Hybrid work is opening new opportunities around the world. Women have long struggled to balance their family and professional responsibilities — to an extent that many men fail to grasp. And the flexibility allowed by hybrid work can go a long way.

“Hybrid work has changed the world,” Asaad reflected. “It’s allowed women to do a lot more than in the past, giving them the flexibility, being able to work remotely and manage their priorities while really being productive.”

Ravichandran added her own strong thoughts on the transformative power of hybrid work.

“Hybrid work has the potential to be a game-changer for gender equity in the tech industry,” she said. “With its inherent flexibility, we can adopt more inclusive practices and technologies that level the playing field for women. It’s an opportunity to think differently about work and embrace new ways of working that benefit everyone.”

Aruna Ravichandran

Aruna Ravichandran - SVP and Chief Marketing Officer for Webex by Cisco

From personal resilience to shared, systemic strength

Poveromo recalls sleepless nights with infant children, followed by demanding workdays.

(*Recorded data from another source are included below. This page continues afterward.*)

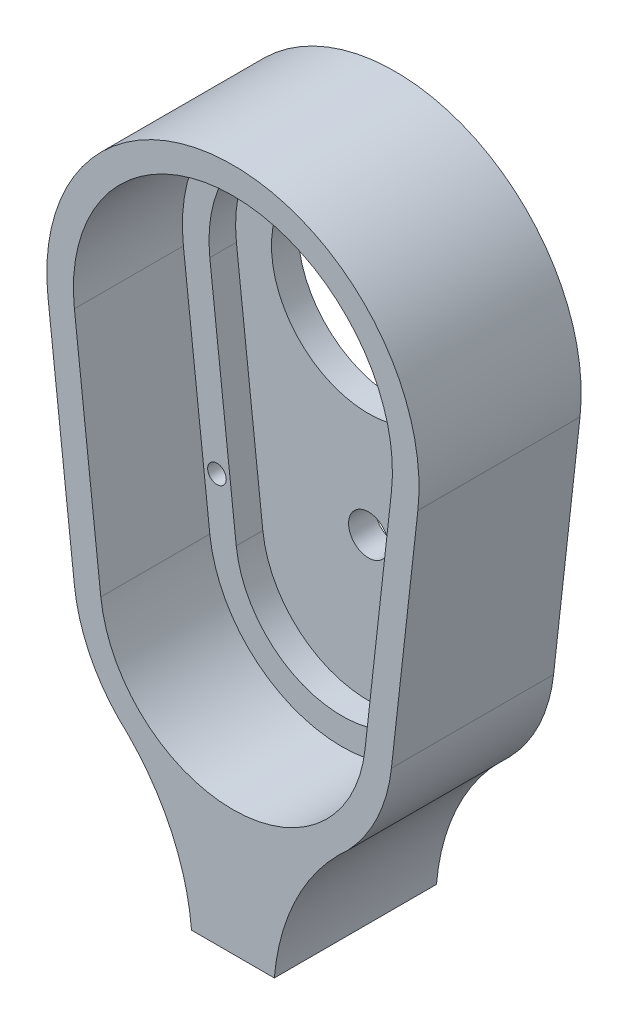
ISO-10303-21;
HEADER;
FILE_DESCRIPTION(('STEP AP214'),'2;1');
FILE_NAME('part.step','',(''),(''),'','','');
FILE_SCHEMA(('AUTOMOTIVE_DESIGN { 1 0 10303 214 1 1 1 1 }'));
ENDSEC;
DATA;
#1=APPLICATION_CONTEXT('core data for automotive mechanical design processes');
#2=APPLICATION_PROTOCOL_DEFINITION('international standard','automotive_design',2000,#1);
#3=PRODUCT_CONTEXT('',#1,'mechanical');
#4=PRODUCT('Part','Part','',(#3));
#5=PRODUCT_RELATED_PRODUCT_CATEGORY('part','',(#4));
#6=PRODUCT_DEFINITION_FORMATION('','',#4);
#7=PRODUCT_DEFINITION_CONTEXT('part definition',#1,'design');
#8=PRODUCT_DEFINITION('design','',#6,#7);
#9=PRODUCT_DEFINITION_SHAPE('','',#8);
#10=(LENGTH_UNIT() NAMED_UNIT(*) SI_UNIT(.MILLI.,.METRE.));
#11=(NAMED_UNIT(*) PLANE_ANGLE_UNIT() SI_UNIT($,.RADIAN.));
#12=(NAMED_UNIT(*) SI_UNIT($,.STERADIAN.) SOLID_ANGLE_UNIT());
#13=UNCERTAINTY_MEASURE_WITH_UNIT(LENGTH_MEASURE(1.E-05),#10,'distance_accuracy_value','');
#14=(GEOMETRIC_REPRESENTATION_CONTEXT(3) GLOBAL_UNCERTAINTY_ASSIGNED_CONTEXT((#13)) GLOBAL_UNIT_ASSIGNED_CONTEXT((#10,
#11,#12)) REPRESENTATION_CONTEXT('',''));
#15=CARTESIAN_POINT('',(0.,0.,0.));
#16=DIRECTION('',(0.,0.,1.));
#17=DIRECTION('',(1.,0.,0.));
#18=AXIS2_PLACEMENT_3D('',#15,#16,#17);
#19=CARTESIAN_POINT('',(0.,-22.86,15.494));
#20=DIRECTION('',(0.,0.,-1.));
#21=DIRECTION('',(-1.,0.,0.));
#22=AXIS2_PLACEMENT_3D('',#19,#20,#21);
#23=CYLINDRICAL_SURFACE('',#22,15.24);
#24=DIRECTION('',(0.,0.,-1.));
#25=VECTOR('',#24,1.);
#26=CARTESIAN_POINT('',(-10.046563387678,-34.319675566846,7.747));
#27=LINE('',#26,#25);
#28=CARTESIAN_POINT('',(-10.046563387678,-34.319675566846,15.494));
#29=VERTEX_POINT('',#28);
#30=CARTESIAN_POINT('',(-10.046563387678,-34.319675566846,0.));
#31=VERTEX_POINT('',#30);
#32=EDGE_CURVE('E62',#29,#31,#27,.T.);
#33=ORIENTED_EDGE('',*,*,#32,.F.);
#34=CARTESIAN_POINT('',(0.,-22.86,15.494));
#35=DIRECTION('',(0.,0.,1.));
#36=DIRECTION('',(1.,0.,0.));
#37=AXIS2_PLACEMENT_3D('',#34,#35,#36);
#38=CIRCLE('',#37,15.24);
#39=CARTESIAN_POINT('',(-15.1456337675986,-24.5533333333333,15.494));
#40=VERTEX_POINT('',#39);
#41=EDGE_CURVE('E265',#40,#29,#38,.T.);
#42=ORIENTED_EDGE('',*,*,#41,.F.);
#43=DIRECTION('',(0.,0.,-1.));
#44=VECTOR('',#43,1.);
#45=CARTESIAN_POINT('',(-15.1456337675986,-24.5533333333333,15.494));
#46=LINE('',#45,#44);
#47=CARTESIAN_POINT('',(-15.1456337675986,-24.5533333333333,0.));
#48=VERTEX_POINT('',#47);
#49=EDGE_CURVE('E46',#40,#48,#46,.T.);
#50=ORIENTED_EDGE('',*,*,#49,.T.);
#51=CARTESIAN_POINT('',(0.,-22.86,0.));
#52=DIRECTION('',(0.,0.,1.));
#53=DIRECTION('',(1.,0.,0.));
#54=AXIS2_PLACEMENT_3D('',#51,#52,#53);
#55=CIRCLE('',#54,15.24);
#56=EDGE_CURVE('E276',#48,#31,#55,.T.);
#57=ORIENTED_EDGE('',*,*,#56,.T.);
#58=EDGE_LOOP('',(#33,#42,#50,#57));
#59=FACE_BOUND('',#58,.T.);
#60=ADVANCED_FACE('F37',(#59),#23,.T.);
#61=CARTESIAN_POINT('',(0.,0.,2.54));
#62=DIRECTION('',(0.,0.,1.));
#63=DIRECTION('',(1.,0.,0.));
#64=AXIS2_PLACEMENT_3D('',#61,#62,#63);
#65=PLANE('',#64);
#66=CARTESIAN_POINT('',(0.,-19.304,2.54));
#67=DIRECTION('',(0.,0.,1.));
#68=DIRECTION('',(1.,0.,0.));
#69=AXIS2_PLACEMENT_3D('',#66,#67,#68);
#70=CIRCLE('',#69,1.905);
#71=CARTESIAN_POINT('',(1.905,-19.304,2.54));
#72=VERTEX_POINT('',#71);
#73=EDGE_CURVE('E665',#72,#72,#70,.T.);
#74=ORIENTED_EDGE('',*,*,#73,.F.);
#75=EDGE_LOOP('',(#74));
#76=FACE_BOUND('',#75,.T.);
#77=CARTESIAN_POINT('',(0.,0.,2.54));
#78=DIRECTION('',(0.,0.,1.));
#79=DIRECTION('',(1.,0.,0.));
#80=AXIS2_PLACEMENT_3D('',#77,#78,#79);
#81=CIRCLE('',#80,9.271);
#82=CARTESIAN_POINT('',(9.271,0.,2.54));
#83=VERTEX_POINT('',#82);
#84=EDGE_CURVE('E236',#83,#83,#81,.T.);
#85=ORIENTED_EDGE('',*,*,#84,.F.);
#86=EDGE_LOOP('',(#85));
#87=FACE_BOUND('',#86,.T.);
#88=CARTESIAN_POINT('',(0.,-22.86,2.54));
#89=DIRECTION('',(0.,0.,1.));
#90=DIRECTION('',(1.,0.,0.));
#91=AXIS2_PLACEMENT_3D('',#88,#89,#90);
#92=CIRCLE('',#91,10.16);
#93=CARTESIAN_POINT('',(-10.097089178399,-23.9888888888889,2.54));
#94=VERTEX_POINT('',#93);
#95=CARTESIAN_POINT('',(10.0970891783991,-23.9888888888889,2.54));
#96=VERTEX_POINT('',#95);
#97=EDGE_CURVE('E219',#94,#96,#92,.T.);
#98=ORIENTED_EDGE('',*,*,#97,.T.);
#99=DIRECTION('',(-0.111111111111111,-0.993807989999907,0.));
#100=VECTOR('',#99,1.);
#101=CARTESIAN_POINT('',(12.6213614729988,-1.41111111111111,2.54));
#102=LINE('',#101,#100);
#103=CARTESIAN_POINT('',(12.6213614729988,-1.4111111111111,2.54));
#104=VERTEX_POINT('',#103);
#105=EDGE_CURVE('E185',#104,#96,#102,.T.);
#106=ORIENTED_EDGE('',*,*,#105,.F.);
#107=CARTESIAN_POINT('',(0.,0.,2.54));
#108=DIRECTION('',(0.,0.,1.));
#109=DIRECTION('',(1.,0.,0.));
#110=AXIS2_PLACEMENT_3D('',#107,#108,#109);
#111=CIRCLE('',#110,12.7);
#112=CARTESIAN_POINT('',(-12.6213614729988,-1.41111111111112,2.54));
#113=VERTEX_POINT('',#112);
#114=EDGE_CURVE('E189',#104,#113,#111,.T.);
#115=ORIENTED_EDGE('',*,*,#114,.T.);
#116=DIRECTION('',(0.111111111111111,-0.993807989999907,0.));
#117=VECTOR('',#116,1.);
#118=CARTESIAN_POINT('',(-12.6213614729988,-1.41111111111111,2.54));
#119=LINE('',#118,#117);
#120=EDGE_CURVE('E221',#113,#94,#119,.T.);
#121=ORIENTED_EDGE('',*,*,#120,.T.);
#122=EDGE_LOOP('',(#98,#106,#115,#121));
#123=FACE_BOUND('',#122,.T.);
#124=ADVANCED_FACE('F317',(#76,#87,#123),#65,.T.);
#125=CARTESIAN_POINT('',(0.,0.,15.494));
#126=DIRECTION('',(0.,0.,-1.));
#127=DIRECTION('',(-1.,0.,0.));
#128=AXIS2_PLACEMENT_3D('',#125,#126,#127);
#129=CYLINDRICAL_SURFACE('',#128,17.78);
#130=CARTESIAN_POINT('',(0.,0.,0.));
#131=DIRECTION('',(0.,0.,1.));
#132=DIRECTION('',(1.,0.,0.));
#133=AXIS2_PLACEMENT_3D('',#130,#131,#132);
#134=CIRCLE('',#133,17.78);
#135=CARTESIAN_POINT('',(17.6699060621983,-1.97555555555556,0.));
#136=VERTEX_POINT('',#135);
#137=CARTESIAN_POINT('',(-17.6699060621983,-1.97555555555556,0.));
#138=VERTEX_POINT('',#137);
#139=EDGE_CURVE('E239',#136,#138,#134,.T.);
#140=ORIENTED_EDGE('',*,*,#139,.T.);
#141=DIRECTION('',(0.,0.,-1.));
#142=VECTOR('',#141,1.);
#143=CARTESIAN_POINT('',(-17.6699060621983,-1.97555555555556,15.494));
#144=LINE('',#143,#142);
#145=CARTESIAN_POINT('',(-17.6699060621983,-1.97555555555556,15.494));
#146=VERTEX_POINT('',#145);
#147=EDGE_CURVE('E11',#146,#138,#144,.T.);
#148=ORIENTED_EDGE('',*,*,#147,.F.);
#149=CARTESIAN_POINT('',(0.,0.,15.494));
#150=DIRECTION('',(0.,0.,1.));
#151=DIRECTION('',(1.,0.,0.));
#152=AXIS2_PLACEMENT_3D('',#149,#150,#151);
#153=CIRCLE('',#152,17.78);
#154=CARTESIAN_POINT('',(17.6699060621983,-1.97555555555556,15.494));
#155=VERTEX_POINT('',#154);
#156=EDGE_CURVE('E260',#155,#146,#153,.T.);
#157=ORIENTED_EDGE('',*,*,#156,.F.);
#158=DIRECTION('',(0.,0.,-1.));
#159=VECTOR('',#158,1.);
#160=CARTESIAN_POINT('',(17.6699060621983,-1.97555555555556,15.494));
#161=LINE('',#160,#159);
#162=EDGE_CURVE('E280',#155,#136,#161,.T.);
#163=ORIENTED_EDGE('',*,*,#162,.T.);
#164=EDGE_LOOP('',(#140,#148,#157,#163));
#165=FACE_BOUND('',#164,.T.);
#166=ADVANCED_FACE('F321',(#165),#129,.T.);
#167=CARTESIAN_POINT('',(-17.6699060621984,-1.97555555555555,15.494));
#168=DIRECTION('',(0.993807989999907,0.111111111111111,0.));
#169=DIRECTION('',(-0.111111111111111,0.993807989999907,0.));
#170=AXIS2_PLACEMENT_3D('',#167,#168,#169);
#171=PLANE('',#170);
#172=DIRECTION('',(0.111111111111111,-0.993807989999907,0.));
#173=VECTOR('',#172,1.);
#174=CARTESIAN_POINT('',(-17.6699060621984,-1.97555555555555,0.));
#175=LINE('',#174,#173);
#176=EDGE_CURVE('E273',#138,#48,#175,.T.);
#177=ORIENTED_EDGE('',*,*,#176,.T.);
#178=ORIENTED_EDGE('',*,*,#49,.F.);
#179=DIRECTION('',(0.111111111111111,-0.993807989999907,0.));
#180=VECTOR('',#179,1.);
#181=CARTESIAN_POINT('',(-17.6699060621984,-1.97555555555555,15.494));
#182=LINE('',#181,#180);
#183=EDGE_CURVE('E263',#146,#40,#182,.T.);
#184=ORIENTED_EDGE('',*,*,#183,.F.);
#185=ORIENTED_EDGE('',*,*,#147,.T.);
#186=EDGE_LOOP('',(#177,#178,#184,#185));
#187=FACE_BOUND('',#186,.T.);
#188=ADVANCED_FACE('F314',(#187),#171,.F.);
#189=CARTESIAN_POINT('',(10.0465633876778,-34.3196755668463,15.494));
#190=VERTEX_POINT('',#189);
#191=CARTESIAN_POINT('',(15.1456337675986,-24.5533333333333,15.494));
#192=VERTEX_POINT('',#191);
#193=EDGE_CURVE('E54',#190,#192,#38,.T.);
#194=ORIENTED_EDGE('',*,*,#193,.F.);
#195=DIRECTION('',(0.,0.,-1.));
#196=VECTOR('',#195,1.);
#197=CARTESIAN_POINT('',(10.0465633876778,-34.3196755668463,7.747));
#198=LINE('',#197,#196);
#199=CARTESIAN_POINT('',(10.0465633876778,-34.3196755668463,0.));
#200=VERTEX_POINT('',#199);
#201=EDGE_CURVE('E161',#190,#200,#198,.T.);
#202=ORIENTED_EDGE('',*,*,#201,.T.);
#203=CARTESIAN_POINT('',(15.1456337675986,-24.5533333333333,0.));
#204=VERTEX_POINT('',#203);
#205=EDGE_CURVE('E275',#200,#204,#55,.T.);
#206=ORIENTED_EDGE('',*,*,#205,.T.);
#207=DIRECTION('',(0.,0.,-1.));
#208=VECTOR('',#207,1.);
#209=CARTESIAN_POINT('',(15.1456337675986,-24.5533333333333,15.494));
#210=LINE('',#209,#208);
#211=EDGE_CURVE('E282',#192,#204,#210,.T.);
#212=ORIENTED_EDGE('',*,*,#211,.F.);
#213=EDGE_LOOP('',(#194,#202,#206,#212));
#214=FACE_BOUND('',#213,.T.);
#215=ADVANCED_FACE('F309',(#214),#23,.T.);
#216=CARTESIAN_POINT('',(-15.1456337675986,-1.69333333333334,15.494));
#217=DIRECTION('',(0.993807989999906,0.111111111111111,0.));
#218=DIRECTION('',(-0.111111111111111,0.993807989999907,0.));
#219=AXIS2_PLACEMENT_3D('',#216,#217,#218);
#220=PLANE('',#219);
#221=DIRECTION('',(0.111111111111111,-0.993807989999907,0.));
#222=VECTOR('',#221,1.);
#223=CARTESIAN_POINT('',(-15.1456337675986,-1.69333333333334,5.08));
#224=LINE('',#223,#222);
#225=CARTESIAN_POINT('',(-15.1456337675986,-1.69333333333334,5.08));
#226=VERTEX_POINT('',#225);
#227=CARTESIAN_POINT('',(-12.6213614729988,-24.2711111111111,5.08));
#228=VERTEX_POINT('',#227);
#229=EDGE_CURVE('E213',#226,#228,#224,.T.);
#230=ORIENTED_EDGE('',*,*,#229,.F.);
#231=DIRECTION('',(0.,0.,-1.));
#232=VECTOR('',#231,1.);
#233=CARTESIAN_POINT('',(-15.1456337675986,-1.69333333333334,15.494));
#234=LINE('',#233,#232);
#235=CARTESIAN_POINT('',(-15.1456337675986,-1.69333333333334,15.494));
#236=VERTEX_POINT('',#235);
#237=EDGE_CURVE('E41',#236,#226,#234,.T.);
#238=ORIENTED_EDGE('',*,*,#237,.F.);
#239=DIRECTION('',(0.111111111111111,-0.993807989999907,0.));
#240=VECTOR('',#239,1.);
#241=CARTESIAN_POINT('',(-15.1456337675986,-1.69333333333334,15.494));
#242=LINE('',#241,#240);
#243=CARTESIAN_POINT('',(-12.6213614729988,-24.2711111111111,15.494));
#244=VERTEX_POINT('',#243);
#245=EDGE_CURVE('E248',#236,#244,#242,.T.);
#246=ORIENTED_EDGE('',*,*,#245,.T.);
#247=DIRECTION('',(0.,0.,-1.));
#248=VECTOR('',#247,1.);
#249=CARTESIAN_POINT('',(-12.6213614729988,-24.2711111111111,15.494));
#250=LINE('',#249,#248);
#251=EDGE_CURVE('E270',#244,#228,#250,.T.);
#252=ORIENTED_EDGE('',*,*,#251,.T.);
#253=EDGE_LOOP('',(#230,#238,#246,#252));
#254=FACE_BOUND('',#253,.T.);
#255=ADVANCED_FACE('F39',(#254),#220,.T.);
#256=CARTESIAN_POINT('',(0.,0.,15.494));
#257=DIRECTION('',(0.,0.,-1.));
#258=DIRECTION('',(-1.,0.,0.));
#259=AXIS2_PLACEMENT_3D('',#256,#257,#258);
#260=CYLINDRICAL_SURFACE('',#259,15.24);
#261=CARTESIAN_POINT('',(0.,0.,5.08));
#262=DIRECTION('',(0.,0.,1.));
#263=DIRECTION('',(1.,0.,0.));
#264=AXIS2_PLACEMENT_3D('',#261,#262,#263);
#265=CIRCLE('',#264,15.24);
#266=CARTESIAN_POINT('',(15.1456337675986,-1.69333333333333,5.08));
#267=VERTEX_POINT('',#266);
#268=EDGE_CURVE('E210',#267,#226,#265,.T.);
#269=ORIENTED_EDGE('',*,*,#268,.F.);
#270=DIRECTION('',(0.,0.,-1.));
#271=VECTOR('',#270,1.);
#272=CARTESIAN_POINT('',(15.1456337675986,-1.69333333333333,15.494));
#273=LINE('',#272,#271);
#274=CARTESIAN_POINT('',(15.1456337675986,-1.69333333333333,15.494));
#275=VERTEX_POINT('',#274);
#276=EDGE_CURVE('E290',#275,#267,#273,.T.);
#277=ORIENTED_EDGE('',*,*,#276,.F.);
#278=CARTESIAN_POINT('',(0.,0.,15.494));
#279=DIRECTION('',(0.,0.,1.));
#280=DIRECTION('',(1.,0.,0.));
#281=AXIS2_PLACEMENT_3D('',#278,#279,#280);
#282=CIRCLE('',#281,15.24);
#283=EDGE_CURVE('E251',#275,#236,#282,.T.);
#284=ORIENTED_EDGE('',*,*,#283,.T.);
#285=ORIENTED_EDGE('',*,*,#237,.T.);
#286=EDGE_LOOP('',(#269,#277,#284,#285));
#287=FACE_BOUND('',#286,.T.);
#288=ADVANCED_FACE('F297',(#287),#260,.F.);
#289=CARTESIAN_POINT('',(15.1456337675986,-1.69333333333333,15.494));
#290=DIRECTION('',(0.993807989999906,-0.111111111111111,0.));
#291=DIRECTION('',(0.111111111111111,0.993807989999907,0.));
#292=AXIS2_PLACEMENT_3D('',#289,#290,#291);
#293=PLANE('',#292);
#294=ORIENTED_EDGE('',*,*,#276,.T.);
#295=DIRECTION('',(0.111111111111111,0.993807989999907,0.));
#296=VECTOR('',#295,1.);
#297=CARTESIAN_POINT('',(15.1456337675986,-1.69333333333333,5.08));
#298=LINE('',#297,#296);
#299=CARTESIAN_POINT('',(12.6213614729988,-24.2711111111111,5.08));
#300=VERTEX_POINT('',#299);
#301=EDGE_CURVE('E207',#300,#267,#298,.T.);
#302=ORIENTED_EDGE('',*,*,#301,.F.);
#303=DIRECTION('',(0.,0.,-1.));
#304=VECTOR('',#303,1.);
#305=CARTESIAN_POINT('',(12.6213614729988,-24.2711111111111,15.494));
#306=LINE('',#305,#304);
#307=CARTESIAN_POINT('',(12.6213614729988,-24.2711111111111,15.494));
#308=VERTEX_POINT('',#307);
#309=EDGE_CURVE('E289',#308,#300,#306,.T.);
#310=ORIENTED_EDGE('',*,*,#309,.F.);
#311=DIRECTION('',(-0.111111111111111,-0.993807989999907,0.));
#312=VECTOR('',#311,1.);
#313=CARTESIAN_POINT('',(15.1456337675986,-1.69333333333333,15.494));
#314=LINE('',#313,#312);
#315=EDGE_CURVE('E255',#275,#308,#314,.T.);
#316=ORIENTED_EDGE('',*,*,#315,.F.);
#317=EDGE_LOOP('',(#294,#302,#310,#316));
#318=FACE_BOUND('',#317,.T.);
#319=ADVANCED_FACE('F304',(#318),#293,.F.);
#320=CARTESIAN_POINT('',(0.,-22.86,15.494));
#321=DIRECTION('',(0.,0.,-1.));
#322=DIRECTION('',(-1.,0.,0.));
#323=AXIS2_PLACEMENT_3D('',#320,#321,#322);
#324=CYLINDRICAL_SURFACE('',#323,12.7);
#325=CARTESIAN_POINT('',(0.,-22.86,5.08));
#326=DIRECTION('',(0.,0.,1.));
#327=DIRECTION('',(1.,0.,0.));
#328=AXIS2_PLACEMENT_3D('',#325,#326,#327);
#329=CIRCLE('',#328,12.7);
#330=EDGE_CURVE('E204',#228,#300,#329,.T.);
#331=ORIENTED_EDGE('',*,*,#330,.F.);
#332=ORIENTED_EDGE('',*,*,#251,.F.);
#333=CARTESIAN_POINT('',(0.,-22.86,15.494));
#334=DIRECTION('',(0.,0.,1.));
#335=DIRECTION('',(1.,0.,0.));
#336=AXIS2_PLACEMENT_3D('',#333,#334,#335);
#337=CIRCLE('',#336,12.7);
#338=EDGE_CURVE('E257',#244,#308,#337,.T.);
#339=ORIENTED_EDGE('',*,*,#338,.T.);
#340=ORIENTED_EDGE('',*,*,#309,.T.);
#341=EDGE_LOOP('',(#331,#332,#339,#340));
#342=FACE_BOUND('',#341,.T.);
#343=ADVANCED_FACE('F307',(#342),#324,.F.);
#344=CARTESIAN_POINT('',(17.6699060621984,-1.97555555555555,15.494));
#345=DIRECTION('',(0.993807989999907,-0.111111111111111,0.));
#346=DIRECTION('',(0.111111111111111,0.993807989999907,0.));
#347=AXIS2_PLACEMENT_3D('',#344,#345,#346);
#348=PLANE('',#347);
#349=DIRECTION('',(-0.111111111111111,-0.993807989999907,0.));
#350=VECTOR('',#349,1.);
#351=CARTESIAN_POINT('',(17.6699060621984,-1.97555555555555,0.));
#352=LINE('',#351,#350);
#353=EDGE_CURVE('E252',#136,#204,#352,.T.);
#354=ORIENTED_EDGE('',*,*,#353,.F.);
#355=ORIENTED_EDGE('',*,*,#162,.F.);
#356=DIRECTION('',(-0.111111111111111,-0.993807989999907,0.));
#357=VECTOR('',#356,1.);
#358=CARTESIAN_POINT('',(17.6699060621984,-1.97555555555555,15.494));
#359=LINE('',#358,#357);
#360=EDGE_CURVE('E267',#155,#192,#359,.T.);
#361=ORIENTED_EDGE('',*,*,#360,.T.);
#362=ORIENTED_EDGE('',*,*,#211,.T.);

It’s the kind of high-wire juggling act that she believes should be more of a shared responsibly — among spouses, partners, friends, family, society, and, yes, the workplace.

“Resiliency should be systemic,” she believes. “For us to be successful, the whole system needs to support individuals and women. As an organization, a company, and a team, we can be thinking about how we’re helping each other thrive.”

Maria Poveromo

Maria Poveromo - SVP and Chief Communications Officer, Cisco

Indeed, no women should “do it alone,” as Ravichandran added.

“Creating better opportunities for women in tech requires a collective effort from individuals, organizations, and society as a whole,” she said. “We need to challenge unconscious bias, promote diversity and inclusion, and create more mentorship and sponsorship opportunities for women. And we need to continue to advocate for change and hold ourselves accountable for progress.”

Collective strength and equity in important to address for International Women’s Day,

“This year’s International Women’s Day is a call out to equity,” said Reem Asaad. “And I think that’s what we all need to focus on. We need to address historical barriers for women. We need to avail equal opportunity and resources for women and really start to think about how can we bridge this divide.”

Denise Lee is excited by the progress being made in the tech industry, but she’s quick to add, “I’m not celebrating yet.”

“We need a lot more awareness, and measurement of progress,” she said. “And we still need to call out the bad actors. But there have been good steps made. The tech industry has made more progress than other industries. And it’s so important, for connecting people, for opportunity, for sustainability, and to ensure there’s a future for everyone, for all living things. We can’t do it without tech.”

And tech, she believes, can’t do it without the perspectives of women and others whose voices have not always been heard.

“Technology,” she said, “needs more diversity in general. Tech is pervasive for all kinds of people. If it’s to be designed for all of us, it will need more diverse thinkers. In the end, we all need to work together.”

Moreover, Ravichandran believes that progress in tech will cascade far beyond the perimeters of Silicon Valley and other tech meccas.

“Achieving gender balance in tech will have far-reaching effects beyond just the industry itself,” she said. “It will help break down societal barriers and stereotypes, promoting gender equality in all areas of life. It will help build a more just and equitable world, where everyone's voices are heard and valued.”

In the end, no one should feel their perspectives, ideas, and creativity are not valued.

“Always remember,” Ravichandran concluded, “the gender gap is an opportunity gap. It’s not an aptitude gap, or a skills gap. Who you are is more than enough – no matter what some may say or how you may feel in the moment. Be emboldened to live your truth and live it loudly!”